▸ **ACTION ITEM**
From the data underneath, reproduce exactly the stretch that begins at the line with "Flat Earth to LLA/1 -> Demux2/1" and ends after the line with "Custom Variable Mass 6DOF (Euler Angles)/7 ->".
[MATERIAL SUPPLIED — start]
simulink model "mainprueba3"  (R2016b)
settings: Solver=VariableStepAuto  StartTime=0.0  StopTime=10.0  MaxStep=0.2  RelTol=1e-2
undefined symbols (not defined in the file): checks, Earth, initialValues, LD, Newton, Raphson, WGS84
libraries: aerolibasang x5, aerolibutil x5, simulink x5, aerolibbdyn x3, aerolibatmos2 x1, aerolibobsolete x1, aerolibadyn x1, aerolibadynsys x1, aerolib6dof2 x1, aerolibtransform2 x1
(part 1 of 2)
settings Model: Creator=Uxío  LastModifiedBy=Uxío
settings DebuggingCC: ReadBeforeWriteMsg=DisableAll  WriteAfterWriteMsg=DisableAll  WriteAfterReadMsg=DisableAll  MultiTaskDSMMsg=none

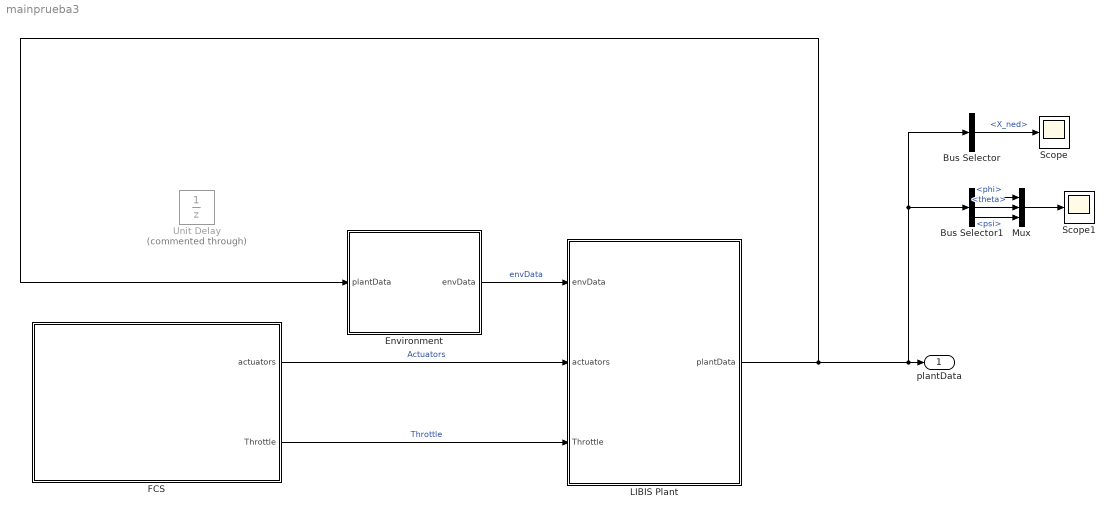
== system mainprueba3 ==
  Bus Selector : BusSelector  OutputSignals=X_ned
  Bus Selector1 : BusSelector  OutputSignals=Euler.phi,Euler.theta,Euler.psi
  Environment : Subsystem
      mask Display:
      | imageName='Wind.png';
      | currentPath=get_param(bdroot, 'FileName');
      | positions=strfind(currentPath,'\');
      | imagePath=strcat(currentPath(1:positions(end-1)),'graphics\',imageName);
      | image(imagePath);
  FCS : Subsystem
      mask Display:
      | imageName='FCS.png';
      | currentPath=get_param(bdroot, 'FileName');
      | positions=strfind(currentPath,'\');
      | imagePath=strcat(currentPath(1:positions(end-1)),'graphics\',imageName);
      | image(imagePath);
  LIBIS Plant : Subsystem
      mask Display:
      | imageName='LIBIS_Plant.jpg';
      | currentPath=get_param(bdroot, 'FileName');
      | positions=strfind(currentPath,'\');
      | imagePath=strcat(currentPath(1:positions(end-1)),'graphics\',imageName);
      | image(imagePath);
  Mux : Mux  Inputs=3
  Scope : Scope
  Scope1 : Scope
  Unit Delay : UnitDelay  Commented=through  SampleTime=-1
  plantData : Outport
  wires:
  LIBIS Plant/1(plantData) -> Environment/1(plantData), Bus Selector1/1, Bus Selector/1, plantData/1
  Environment/1(envData) -> LIBIS Plant/1(envData)  "envData"
  FCS/1(actuators) -> LIBIS Plant/2(actuators)  "Actuators"
  FCS/2(Throttle) -> LIBIS Plant/3(Throttle)  "Throttle"
  Bus Selector/1 -> Scope/1  "<X_ned>"
  Bus Selector1/1 -> Mux/1  "<phi>"
  Bus Selector1/2 -> Mux/2  "<theta>"
  Bus Selector1/3 -> Mux/3  "<psi>"
  Mux/1 -> Scope1/1

== system mainprueba3/Environment ==
  plantData : Inport
  Bus Selector : BusSelector  OutputSignals=X_ned,LLA.Altitude_m,V_ned,DCM_body_earth,LLA.Latitude_deg
  COESA Atmosphere Model : aerolibatmos2/COESA Atmosphere Model  units=Metric (MKS)  spec=1976 COESA-extended U.S. Standard Atmosphere  model=Profile  profile_var=High temperature  profile_percent=1%  profile_alt=5 km (16404 ft)  envelope_var=High temperature  envelope_percent=1%  action=Warning
  Gravity in Earth Axes : Gain  Gain=[0 0 LD.Inertia.mass]  SaturateOnIntegerOverflow=on  OutDataTypeStr=Inherit: Same as input  ParamDataTypeStr=Inherit: Same as input
  Math Function : Math  Operator=transpose  SaturateOnIntegerOverflow=on
  Terrain : Subsystem
  To Body Axes : Product  Multiplication=Matrix(*)  SaturateOnIntegerOverflow=on  InputSameDT=on  OutDataTypeStr=Inherit: Same as first input
  WGS84 Gravity Model : aerolibobsolete/WGS84 Gravity Model  model=WGS84 Taylor Series  units=Metric (MKS)  no_atmos=on  precessing=on  month=February  day=1  year=2000  no_centrifugal=on  action=Warning
  Wind Models : Subsystem
  envDataBus : BusCreator  Inputs='h_ground','windVelocity','windOmega','T','a','P','AirDensity','Fg'  OutDataTypeStr=Bus: envDataBus  NonVirtualBus=on
  envData : Outport  InitialOutput=0
  wires:
  [Altitude] -> COESA Atmosphere Model/1
  Bus Selector/4 -> Wind Models/3(DCM_be), To Body Axes/1  "<DCM_body_earth>"
  Bus Selector/5 -> WGS84 Gravity Model/2  "<Latitude_deg>"
  Bus Selector/3 -> Wind Models/1(Ve)  "<V_ned>"
  [Altitude] -> WGS84 Gravity Model/1
  envDataBus/1 -> envData/1  "envData"
  To Body Axes/1 -> envDataBus/8  "Fg"
  Wind Models/2(windOmega) -> envDataBus/3  "windOmega"
  Bus Selector/1 -> Terrain/1(Xe)  "<X_ned>"
  WGS84 Gravity Model/1 -> Gravity in Earth Axes/1
  COESA Atmosphere Model/3 -> envDataBus/6  "P"
  COESA Atmosphere Model/2 -> envDataBus/5  "a"
  Wind Models/1(windVelocity) -> envDataBus/2  "windVelocity"
  [Altitude] -> Wind Models/2(Altitude)
  COESA Atmosphere Model/1 -> envDataBus/4  "T"
  COESA Atmosphere Model/4 -> envDataBus/7  "AirDensity"
  plantData/1 -> Bus Selector/1
  Terrain/1(hground) -> envDataBus/1  "h_ground"
  Bus Selector/2 -> [Altitude]  "<Altitude_m>"
  Gravity in Earth Axes/1 -> Math Function/1
  Math Function/1 -> To Body Axes/2

== system mainprueba3/FCS ==
  Bus Creator : BusCreator  Inputs=4
  Bus Creator1 : BusCreator  Inputs=5
  Constant{,1..4} (5 alike) : Constant  Value=0
  Constant{5..8} (4 alike) : Constant
  actuators : Outport
  Throttle : Outport  Port=2
  wires:
  Bus Creator/1 -> actuators/1  "actuators"
  Constant/1 -> Bus Creator/1  "deltae"
  Constant1/1 -> Bus Creator/2  "deltar"
  Constant2/1 -> Bus Creator/3  "deltafr"
  Constant3/1 -> Bus Creator/4  "deltafl"
  Constant4/1 -> Bus Creator1/1  "Throttle1"
  Constant5/1 -> Bus Creator1/2  "Throttle2"
  Constant6/1 -> Bus Creator1/3  "Throttle3"
  Constant7/1 -> Bus Creator1/4  "Throttle4"
  Constant8/1 -> Bus Creator1/5  "Throttle5"
  Bus Creator1/1 -> Throttle/1

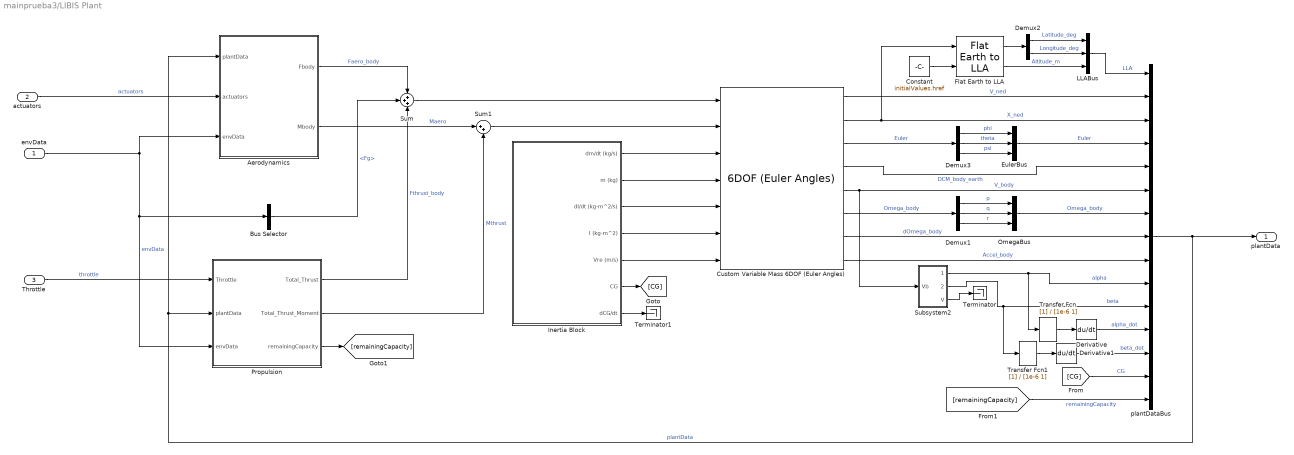
== system mainprueba3/LIBIS Plant ==
  envData : Inport
  actuators : Inport  Port=2
  Throttle : Inport  Port=3
  Aerodynamics : Subsystem
  Bus Selector : BusSelector  OutputSignals=Fg
  Constant : Constant  Value=initialValues.href
  Custom Variable Mass 6DOF (Euler Angles) : aerolib6dof2/6DOF (Euler Angles)  units=Metric (MKS)  mtype=Custom Variable  rep=Euler Angles  xme_0=[initialValues.Xe0 initialValues.Ye0 initialValues.Ze0]  Vm_0=[initialValues.u0 initialValues.v0 initialValues.w0]  eul_0=[initialValues.roll0 initialValues.pitch0 initialValues.yaw0]  pm_0=[initialValues.p0 initialValues.q0 initialValues.r0]  mass_0=1.0  mass_e=0.5  mass_f=2.0  inertia=eye(3)  inertia_e=eye(3)  inertia_f=2*eye(3)  k_quat=1.0  vre_flag=on
  Demux1 : Demux  Outputs=3
  Demux2 : Demux  Outputs=2
  Demux3 : Demux  Outputs=3
  Derivative : Derivative
  Derivative1 : Derivative
  EulerBus : BusCreator  Inputs='phi','theta','psi'  OutDataTypeStr=Bus: EulerBus  NonVirtualBus=on
  Flat Earth to LLA : aerolibtransform2/Flat Earth to LLA  units=Metric (MKS)  ptype=Earth (WGS84)  F=1/298.257223563  R=6378137  LL0=initialValues.LatLong0  psi=initialValues.heading0
  Inertia Block : Subsystem
      mask Display:
      | imageName='Moment_of_inertia.png';
      | currentPath=get_param(bdroot, 'FileName');
      | positions=strfind(currentPath,'\');
      | imagePath=strcat(currentPath(1:positions(end-1)),'graphics\',imageName);
      | image(imagePath);
  LLABus : BusCreator  Inputs='Latitude_deg','Longitude_deg','Altitude_m'  OutDataTypeStr=Bus: LLABus  NonVirtualBus=on
  OmegaBus : BusCreator  Inputs='p','q','r'  OutDataTypeStr=Bus: OmegaBus  NonVirtualBus=on
  Propulsion : Subsystem
  Subsystem2 : Subsystem
  Sum : Sum  Inputs=+++
  Sum1 : Sum  Inputs=|++
  Terminator : Terminator
  Terminator1 : Terminator
  Transfer Fcn : TransferFcn  Denominator=[1e-6 1]
  Transfer Fcn1 : TransferFcn  Denominator=[1e-6 1]
  plantDataBus : BusCreator  Inputs='LLA','V_ned','X_ned','Euler','DCM_body_earth','V_body','Omega_body','dOmega_body','Accel_body','alpha','beta','alpha_dot','beta_dot','CG','remainingCapacity'  OutDataTypeStr=Bus: plantDataBus  NonVirtualBus=on
  plantData : Outport
  wires:
  envData/1 -> Aerodynamics/3(envData), Propulsion/3(envData), Bus Selector/1  "envData"
  Inertia Block/4(I (kg-m^2)) -> Custom Variable Mass 6DOF (Euler Angles)/6
  Derivative1/1 -> plantDataBus/13  "beta_dot"
  plantDataBus/1 -> plantData/1, Propulsion/2(plantData), Aerodynamics/1(plantData)  "plantData"
  Flat Earth to LLA/2 -> LLABus/3  "Altitude_m"
  Custom Variable Mass 6DOF (Euler Angles)/2 -> plantDataBus/3, Flat Earth to LLA/1  "X_ned"
  Subsystem2/3(V) -> Terminator/1
  Custom Variable Mass 6DOF (Euler Angles)/3 -> Demux3/1  "Euler"
  EulerBus/1 -> plantDataBus/4  "Euler"
  Flat Earth to LLA/1 -> Demux2/1
  Demux2/1 -> LLABus/1  "Latitude_deg"
  Inertia Block/2(m (kg)) -> Custom Variable Mass 6DOF (Euler Angles)/4
  Inertia Block/5(Vre (m/s)) -> Custom Variable Mass 6DOF (Euler Angles)/7
  Custom Variable Mass 6DOF (Euler Angles)/5 -> Subsystem2/1(Vb), plantDataBus/6  "V_body"
  Inertia Block/7(dCG/dt) -> Terminator1/1
  [CG] -> plantDataBus/14  "CG"
  Custom Variable Mass 6DOF (Euler Angles)/4 -> plantDataBus/5  "DCM_body_earth"
  Inertia Block/3(dI/dt (kg-m^2/s)) -> Custom Variable Mass 6DOF (Euler Angles)/5
  LLABus/1 -> plantDataBus/1  "LLA"
  Custom Variable Mass 6DOF (Euler Angles)/8 -> plantDataBus/9  "Accel_body"
  Subsystem2/1(Alpha) -> Transfer Fcn/1, plantDataBus/10  "alpha"
  Demux3/1 -> EulerBus/1  "phi"
  Demux3/3 -> EulerBus/3  "psi"
  Inertia Block/6(CG) -> [CG]
  Inertia Block/1(dm/dt (kg/s)) -> Custom Variable Mass 6DOF (Euler Angles)/3
  Constant/1 -> Flat Earth to LLA/2
  Demux2/2 -> LLABus/2  "Longitude_deg"
  Custom Variable Mass 6DOF (Euler Angles)/7 -> plantDataBus/8  "dOmega_body"
  Subsystem2/2(Beta) -> Transfer Fcn1/1, plantDataBus/11  "beta"
  Demux3/2 -> EulerBus/2  "theta"
  Derivative/1 -> plantDataBus/12  "alpha_dot"
  Custom Variable Mass 6DOF (Euler Angles)/1 -> plantDataBus/2  "V_ned"
  OmegaBus/1 -> plantDataBus/7  "Omega_body"
  Custom Variable Mass 6DOF (Euler Angles)/6 -> Demux1/1  "Omega_body"
  Demux1/2 -> OmegaBus/2  "q"
  Demux1/1 -> OmegaBus/1  "p"
  Demux1/3 -> OmegaBus/3  "r"
  Aerodynamics/1(Fbody) -> Sum/1  "Faero_body"
  Sum1/1 -> Custom Variable Mass 6DOF (Euler Angles)/2
  Aerodynamics/2(Mbody) -> Sum1/1  "Maero"
  Propulsion/2(Total_Thrust_Moment) -> Sum1/2  "Mthrust"
  actuators/1 -> Aerodynamics/2(actuators)  "actuators"
  Throttle/1 -> Propulsion/1(Throttle)  "throttle"
  Propulsion/3(remainingCapacity) -> [remainingCapacity]
  [remainingCapacity] -> plantDataBus/15  "remainingCapacity"
  Propulsion/1(Total_Thrust) -> Sum/3  "Fthrust_body"
  Bus Selector/1 -> Sum/2  "<Fg>"
  Sum/1 -> Custom Variable Mass 6DOF (Euler Angles)/1
  Transfer Fcn1/1 -> Derivative1/1
  Transfer Fcn/1 -> Derivative/1

== system mainprueba3/Environment/Terrain ==
  note: This part of the system defines the interface for the terrain model that will be developed in detail later on.
  Xe : Inport
  Terminator : Terminator
  hground_value : Constant  Value=initialValues.href  OutDataTypeStr=double
  hground : Outport  Unit=m
  wires:
  Xe/1 -> Terminator/1
  hground_value/1 -> hground/1  "hground"

== system mainprueba3/Environment/Wind Models ==
  Ve : Inport
  Altitude : Inport  Port=2
  DCM_be : Inport  Port=3
  Constant : Constant  Value=[0,0,0]
  Constant1 : Constant  Value=[0,0,0]
  Dot Product : DotProduct  OutDataTypeStr=Inherit: Inherit via internal rule
  vt : Sqrt  SaturateOnIntegerOverflow=on
  windVelocity : Outport  Unit=m/s
  windOmega : Outport  Port=2  Unit=rad/second
  wires:
  DCM_be/1 -> [DCM]
  Altitude/1 -> [Altitude]
  vt/1 -> [Airspeed]  "Airspeed"
  Dot Product/1 -> vt/1
  Ve/1 -> Dot Product/2, Dot Product/1
  Constant/1 -> windVelocity/1
  Constant1/1 -> windOmega/1

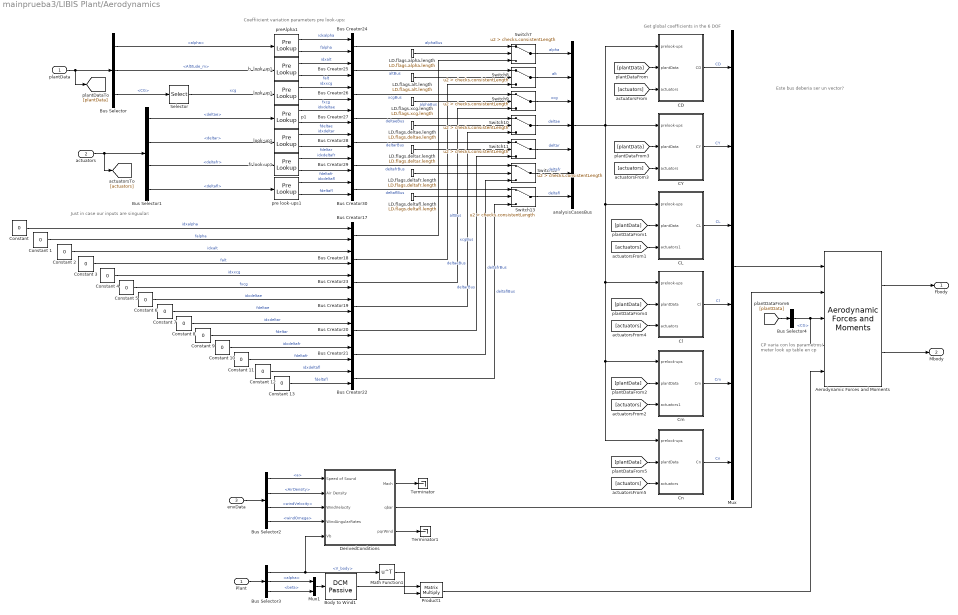
== system mainprueba3/LIBIS Plant/Aerodynamics ==
  note: Este bus deberia ser un vector?
  note: CP varia con los parametros! meter look up table en cp
  note: Just in case our inputs are singuular:
  note: Get global coefficients in the 6 DOF
  note: Coeffiicient variation parameters pre look-ups:
  plantData : Inport
  actuators : Inport  Port=2
  envData : Inport  Port=3
  " look-up1" : PreLookup  BreakpointsData=LD.xcg  BeginIndexSearchUsingPreviousIndexResult=on  IndexDataTypeStr=int32  FractionDataTypeStr=double
  "Aerodynamic Forces and Moments " : aerolibadyn/Aerodynamic Forces and Moments   inputAxes=Stability  outputForceAxes=Body  outputMomentAxes=Body  S=LD.sref  b=LD.blref  cbar=LD.cbar
  Body to Wind1 : aerolibadynsys/DCM Passive  SystemSampleTime=-1
  Bus Creator17 : BusCreator  Inputs='idxalpha','falpha'  OutDataTypeStr=Bus: alphaBus  NonVirtualBus=on
  Bus Creator18 : BusCreator  Inputs='idxalt','falt'  OutDataTypeStr=Bus: altBus  NonVirtualBus=on
  Bus Creator19 : BusCreator  Inputs='idxdeltae','fdeltae'  OutDataTypeStr=Bus: deltaeBus  NonVirtualBus=on
  Bus Creator20 : BusCreator  Inputs='idxdeltar','fdeltar'  OutDataTypeStr=Bus: deltarBus  NonVirtualBus=on
  Bus Creator21 : BusCreator  Inputs='idxdeltafr','fdeltafr'  OutDataTypeStr=Bus: deltafrBus  NonVirtualBus=on
  Bus Creator22 : BusCreator  Inputs='idxdeltafl','fdeltafl'  OutDataTypeStr=Bus: deltaflBus  NonVirtualBus=on
  Bus Creator23 : BusCreator  Inputs='idxxcg','fxcg'  OutDataTypeStr=Bus: xcgBus  NonVirtualBus=on
  Bus Creator24 : BusCreator  Inputs='idxalpha','falpha'  OutDataTypeStr=Bus: alphaBus  NonVirtualBus=on
  Bus Creator25 : BusCreator  Inputs='idxalt','falt'  OutDataTypeStr=Bus: altBus  NonVirtualBus=on
  Bus Creator26 : BusCreator  Inputs='idxxcg','fxcg'  OutDataTypeStr=Bus: xcgBus  NonVirtualBus=on
  Bus Creator27 : BusCreator  Inputs='idxdeltae','fdeltae'  OutDataTypeStr=Bus: deltaeBus  NonVirtualBus=on
  Bus Creator28 : BusCreator  Inputs='idxdeltar','fdeltar'  OutDataTypeStr=Bus: deltarBus  NonVirtualBus=on
  Bus Creator29 : BusCreator  Inputs='idxdeltafr','fdeltafr'  OutDataTypeStr=Bus: deltafrBus  NonVirtualBus=on
  Bus Creator30 : BusCreator  Inputs='idxdeltafl','fdeltafl'  OutDataTypeStr=Bus: deltaflBus  NonVirtualBus=on
  Bus Selector : BusSelector  OutputSignals=alpha,LLA.Altitude_m,CG
  Bus Selector1 : BusSelector  OutputSignals=deltae,deltar,deltafr,deltafl
  Bus Selector2 : BusSelector  OutputSignals=a,AirDensity,windVelocity,windOmega
  Bus Selector3 : BusSelector  OutputSignals=V_body,alpha,beta
  Bus Selector4 : BusSelector  OutputSignals=CG
  CD : Subsystem
  CL : Subsystem
  CY : Subsystem
  Cl : Subsystem
  Cm : Subsystem
  Cn : Subsystem
  Constant {,2,4,6,8,10,12} (7 alike) : Constant  Value=0  OutDataTypeStr=int32
  Constant {1,3,5,7,9,11,13} (7 alike) : Constant  Value=0
  DerivedConditions : Subsystem
  LD.flags.alpha.length : Constant  Value=LD.flags.alpha.length
  LD.flags.alt.length : Constant  Value=LD.flags.alt.length
  LD.flags.deltae.length : Constant  Value=LD.flags.deltae.length
  LD.flags.deltafl.length : Constant  Value=LD.flags.deltafl.length
  LD.flags.deltafr.length : Constant  Value=LD.flags.deltafr.length
  LD.flags.deltar.length : Constant  Value=LD.flags.deltar.length
  LD.flags.xcg.length : Constant  Value=LD.flags.xcg.length
  Math Function1 : Math  Operator=transpose  SaturateOnIntegerOverflow=on
  Mux : Mux  Inputs=6
  Mux1 : Mux  Inputs=2
  "Plant " : InportShadow
  Product1 : Product  Multiplication=Matrix(*)  RndMeth=Zero
  Selector : Selector  InputPortWidth=3  IndexOptions=Index vector (dialog)  Indices=[1 ]  OutputSizes=1
  Switch{7..13} (7 alike) : Switch  Criteria=u2 > Threshold  Threshold=checks.consistentLength
  Terminator : Terminator
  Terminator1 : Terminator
[MATERIAL SUPPLIED — finish]
▸ **REPLY TO THE EXERCISE**
  Flat Earth to LLA/1 -> Demux2/1
  Demux2/1 -> LLABus/1  "Latitude_deg"
  Inertia Block/2(m (kg)) -> Custom Variable Mass 6DOF (Euler Angles)/4
  Inertia Block/5(Vre (m/s)) -> Custom Variable Mass 6DOF (Euler Angles)/7
  Custom Variable Mass 6DOF (Euler Angles)/5 -> Subsystem2/1(Vb), plantDataBus/6  "V_body"
  Inertia Block/7(dCG/dt) -> Terminator1/1
  [CG] -> plantDataBus/14  "CG"
  Custom Variable Mass 6DOF (Euler Angles)/4 -> plantDataBus/5  "DCM_body_earth"
  Inertia Block/3(dI/dt (kg-m^2/s)) -> Custom Variable Mass 6DOF (Euler Angles)/5
  LLABus/1 -> plantDataBus/1  "LLA"
  Custom Variable Mass 6DOF (Euler Angles)/8 -> plantDataBus/9  "Accel_body"
  Subsystem2/1(Alpha) -> Transfer Fcn/1, plantDataBus/10  "alpha"
  Demux3/1 -> EulerBus/1  "phi"
  Demux3/3 -> EulerBus/3  "psi"
  Inertia Block/6(CG) -> [CG]
  Inertia Block/1(dm/dt (kg/s)) -> Custom Variable Mass 6DOF (Euler Angles)/3
  Constant/1 -> Flat Earth to LLA/2
  Demux2/2 -> LLABus/2  "Longitude_deg"
  Custom Variable Mass 6DOF (Euler Angles)/7 -> plantDataBus/8  "dOmega_body"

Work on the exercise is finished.